Six months on semaglutide, four months since switching to tirz, and the GI profiles are genuinely different in ways I didn’t expect going in. Worth laying out what I observed, because most of what gets written lumps all GLP-1 side effects together as if the mechanism doesn’t matter. On sema, my dominant issue was nausea, mostly in the first 48 hours post-injection, occasionally some loose stools. Unpleasant but manageable. On tirz, the nausea was much milder from the start, but constipation became the real problem by week three. Not uncomfortable bloating, actual transit slowdown. Four to five days between movements at points, which I hadn’t experienced since perimenopause. The pharmacology here is worth understanding. Tirz hits both GLP-1 and GIP receptors. GIP receptors are expressed throughout the GI tract and appear to slow motility more than GLP-1 alone does. Sema is selective for GLP-1, which tends to produce nausea and urgency rather than slowing. That’s a real mechanistic distinction, not just individual variation. There’s also a menopause layer that I don’t see discussed much. Estrogen has measurable effects on gut motility, and post-menopausal women have slower baseline transit than premenopausal women of the same age. I’ve been on transdermal estradiol for three years, which probably helps, but even so I suspect women in our cohort are more susceptible to the constipation side of the GIP profile than the average trial participant. What helped practically: 400mg magnesium glycinate at night, increased fluid intake to at least 2.5 litres daily, and tracking bowel frequency against injection day in a symptom log. The pattern clarified quickly once I was logging it rather than guessing from memory. If you’re switching from sema to tirz expecting the same GI experience, go in prepared for a different profile rather than a milder version of the same thing
the menopause layer point is the one that gets me, bc I genuinely don’t see it discussed and it probably explains why a lot of women in peri or post report worse tirz constipation than the trial data would predict. estrogen’s effect on GI motility is real and the trial populations weren’t always well-stratified by HRT status. one thing I’d add: the 400mg mag glycinate intervention is solid, but the timing relative to injection day matters more than I expected. days 3-5 post-dose were my worst transit window, so front-loading the mag the night before injection day instead of just nightly-as-habit actually smoothed things out a bit. anecdotal, but once I started logging injection day vs bowel frequency the correlation was obvious in a way it wasn’t from memory. the part I’d slightly push back on is framing GIP motility slowing as a clear mechanistic distinction vs individual variation. the receptor expression data is there but the clinical magnitude seems to vary a lot person to person, which suggests there’s something else modifying the effect, maybe baseline transit speed, fiber intake, whatever. the mechanism is real, the effect size probably isn’t uniform. doesn’t change the practical advice, just worth noting if someone switches to tirz and has zero constipation and wonders if they’re doing it wrong.

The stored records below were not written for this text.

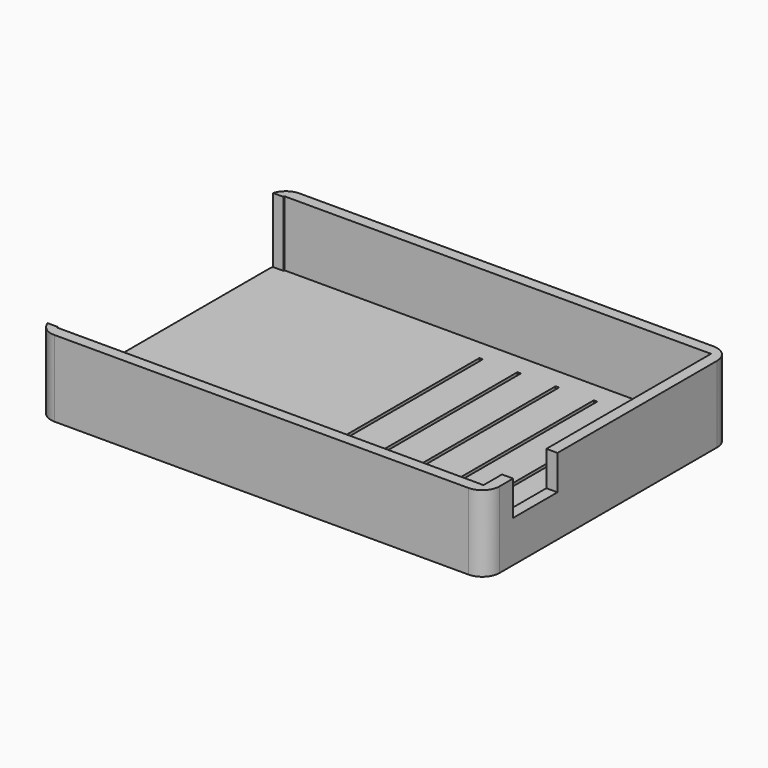
from build123d import *

# Parameters (mm, degrees)
F0_W      = 60.5
F0_H      = 40.64
F1_DEPTH  = 12.7
F2_W      = 64.6999999881
F2_H      = 44.1999999881
F2_W_2    = 61.5
F2_H_2    = 41
F3_DEPTH  = 11
F4_DEPTH  = 1.6
F5_DEPTH  = 8.8
F6_W      = 0.5
F6_H      = 35
F7_DEPTH  = 16
F8_DEPTH  = 60.7
F9_R      = 2.5
F10_R     = 2.5
F11_W     = 8
F11_H     = 5
F12_DEPTH = 1.71


# Not quite as in the source:
# - a feature names something its author has since deleted; it is built from what else it names


with BuildPart() as f1:
    # F0 (on Top) → F1 (new body)
    with BuildSketch(Plane.XY):
        Rectangle(F0_W, F0_H)
    extrude(amount=F1_DEPTH)



with BuildPart() as f3:
    # F2 (on Top) → F3 (new body)
    with BuildSketch(Plane.XY):
        Rectangle(F2_W, F2_H)
        Rectangle(F2_W_2, F2_H_2, mode=Mode.SUBTRACT)
    extrude(amount=F3_DEPTH)


with BuildPart() as f1_1:
    add(f1.part)

    add(f3.part)  # F4 merges F3
    # F2 (on Top) → F4 (join)
    with BuildSketch(Plane.XY):
        Rectangle(F2_W_2, F2_H_2)
    extrude(amount=F4_DEPTH)

    # F5 (cut): a face of the model
    f5_faces = [f1_1.faces().sort_by_distance(p)[0] for p in [
        (-30.25, 0, 7.15),
    ]]
    extrude(f5_faces, amount=F5_DEPTH, mode=Mode.SUBTRACT)

    # F6 (on face) → F7 (cut)
    with BuildSketch(Plane(origin=(0, 0, 0), x_dir=(1, 0, 0), z_dir=(0, 0, -1))):
        with Locations((22, 0)):
            Rectangle(F6_W, F6_H)
        with Locations((16.5, 0)):
            Rectangle(F6_W, F6_H)
        with Locations((11, 0)):
            Rectangle(F6_W, F6_H)
        with Locations((5.5, 0)):
            Rectangle(F6_W, F6_H)
        Rectangle(F6_W, F6_H)
    extrude(amount=-F7_DEPTH, mode=Mode.SUBTRACT)

    # F8 (cut): a face of the model
    f8_faces = [f1_1.faces().sort_by_distance(p)[0] for p in [
        (-30.25, 0, 7.15),
    ]]
    extrude(f8_faces, amount=-F8_DEPTH, mode=Mode.SUBTRACT)

    # F9
    f9_edges = [f1_1.edges().sort_by_distance(p)[0] for p in [
        (32.35, 22.1, 5.5),
        (32.35, -22.1, 5.5),
    ]]
    fillet(f9_edges, radius=F9_R)

    # F10
    f10_edges = [f1_1.edges().sort_by_distance(p)[0] for p in [
        (-32.35, 22.1, 5.5),
        (-32.35, -22.1, 5.5),
    ]]
    fillet(f10_edges, radius=F10_R)

    # F14: F12 across plane


with BuildPart() as f12:
    # F11 (on face) → F12 (new body)
    with BuildSketch(Plane.YZ.offset(32.349999994)):
        with Locations((13.1696772724, 8.5)):
            Rectangle(F11_W, F11_H)
    extrude(amount=-F12_DEPTH)


with BuildPart() as f1_2:
    add(f1_1.part)
    add(f12.part.mirror(Plane(origin=(0, 0, 5.5), x_dir=(-1, 0, 0), z_dir=(0, 1, 0))), mode=Mode.SUBTRACT)


solid = f1_2.part
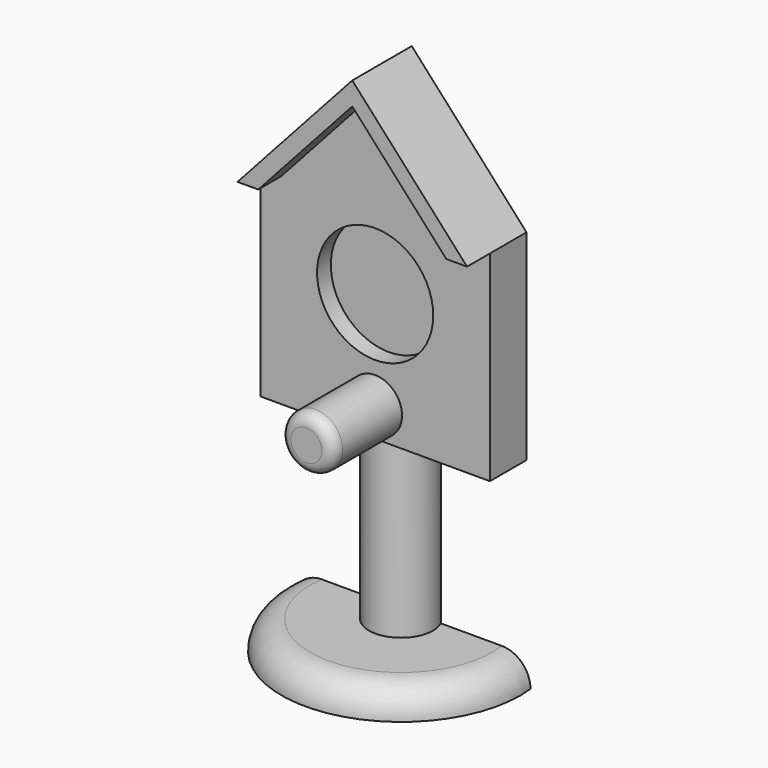
from build123d import *

# Parameters (mm, degrees)
F0_W      = 20.0620945543
F0_H      = 35.0510179996
F1_DEPTH  = 8
F2_R      = 10.1507039691
F3_DEPTH  = 3
F4_R      = 4.6971638308
F5_DEPTH  = 15
F6_R      = 2
F8_DEPTH  = 35
F10_DEPTH = 5
F11_R     = 4.99999
F13_DEPTH = 5


# Not quite as in the source:
# - a fillet or chamfer is up to 0.001 mm smaller than in the source, because OpenCascade refuses the exact size


with BuildPart() as f1:
    # F0 (on Front) → F1 (new body)
    with BuildSketch(Plane.XZ):
        Polygon((0, 57.1884997189), (0, 35.0510179996), (20.0620945543, 35.0510179996), align=None)
        Polygon((-20.0620945543, 35.0510179996), (0, 35.0510179996), (0, 57.1884997189), align=None)
        with Locations((-10.0310472772, 17.5255089998)):
            Rectangle(F0_W, F0_H)
        with Locations((10.0310472772, 17.5255089998)):
            Rectangle(F0_W, F0_H)
    extrude(amount=F1_DEPTH)

    # F2 (on face) → F3 (cut)
    with BuildSketch(Plane.XZ.offset(8)):
        with Locations((0, 22.2692545503)):
            Circle(F2_R)
    extrude(amount=-F3_DEPTH, mode=Mode.SUBTRACT)

    # F4 (on face) → F5 (join)
    with BuildSketch(Plane.XZ.offset(8)):
        with Locations((0, 5.1159886643)):
            Circle(F4_R)
    extrude(amount=F5_DEPTH)

    # F6
    f6_edges = [f1.edges().sort_by_distance(p)[0] for p in [
        (-4.697164, -23, 5.115989),
    ]]
    fillet(f6_edges, radius=F6_R)

    # F7 (on face) → F8 (join)
    with BuildSketch(Plane(origin=(0, 0, 0), x_dir=(1, 0, 0), z_dir=(0, 0, -1))):
        with BuildLine():
            Line((-5.0843584387, 0), (5.0843584387, 0))
            ThreePointArc((5.0843584387, 0), (0, 7.9473265145), (-5.0843584387, 0))
        make_face()
    extrude(amount=F8_DEPTH)

    # F12 (on face) → F13 (join)
    with BuildSketch(Plane.XZ.offset(8)):
        Polygon((0, 57.1884997189), (-20.0620945543, 35.0510179996), (-16.4370942388, 35.0510179996), (0, 53.1884997189), (16.4370942388, 35.0510179996), (20.0620945543, 35.0510179996), align=None)
    extrude(amount=F13_DEPTH)


with BuildPart() as f10:
    # F9 (on face) → F10 (new body)
    with BuildSketch(Plane(origin=(0, 0, -35), x_dir=(1, 0, 0), z_dir=(0, 0, -1))):
        with BuildLine():
            Line((5.0843584387, 0), (20.7567422331, 0))
            ThreePointArc((20.7567422331, 0), (0, 23.2363286774), (-20.7567422331, 0))
            Line((-20.7567422331, 0), (-5.0843584387, 0))
            ThreePointArc((-5.0843584387, 0), (0, 7.9473265145), (5.0843584387, 0))
        make_face()
    extrude(amount=-F10_DEPTH)

    # F11 (radius 5 in the source; OpenCascade refuses exactly that, so slightly less here)
    f11_edges = [f10.edges().sort_by_distance(p)[0] for p in [
        (0, -23.236329, -30),
    ]]
    fillet(f11_edges, radius=F11_R)


solid = Compound([f1.part, f10.part])

The front-loading timing point is useful and I’m going to test it. My current habit is just nightly-as-habit, which means I’m probably under-supplemented exactly when motility is slowest. On the GIP effect size variation: the pushback is fair, but I’d frame it slightly differently. The mechanism being real doesn’t mean the clinical expression is uniform, and those aren’t in conflict. What I’d want to know is whether baseline transit time predicts constipation severity on tirz better than fiber intake does, bc that would actually tell you something actionable before you start the medication.
magnesium glycinate 400 feels like managing the symptom rather than treating the actual problem. for real transit slowdown past week three, ime osmotic agents (citrate or miralax) plus the mag handle it way better than mag alone. imo your GIP mechanistic case is solid, but four to five day cycles usually mean you need something that actually moves stool, not just supplementation. ymmv obviously, but i’d escalate if that were me
anyway.
baseline transit time as a predictor is the right question to ask, but I’d bet against it being cleaner than fiber intake in practice. the issue is baseline transit isn’t a stable single number for most women our age, it shifts with cycle phase if you’re still cycling, with hydration, with stress, with whether you’ve travelled that week. fiber intake is messier as a variable but at least it’s something you can actually measure and modify in advance. what would actually be useful is a short pre-tirz transit log over two or three weeks, averaged, paired against a fiber baseline. one snapshot won’t tell you much.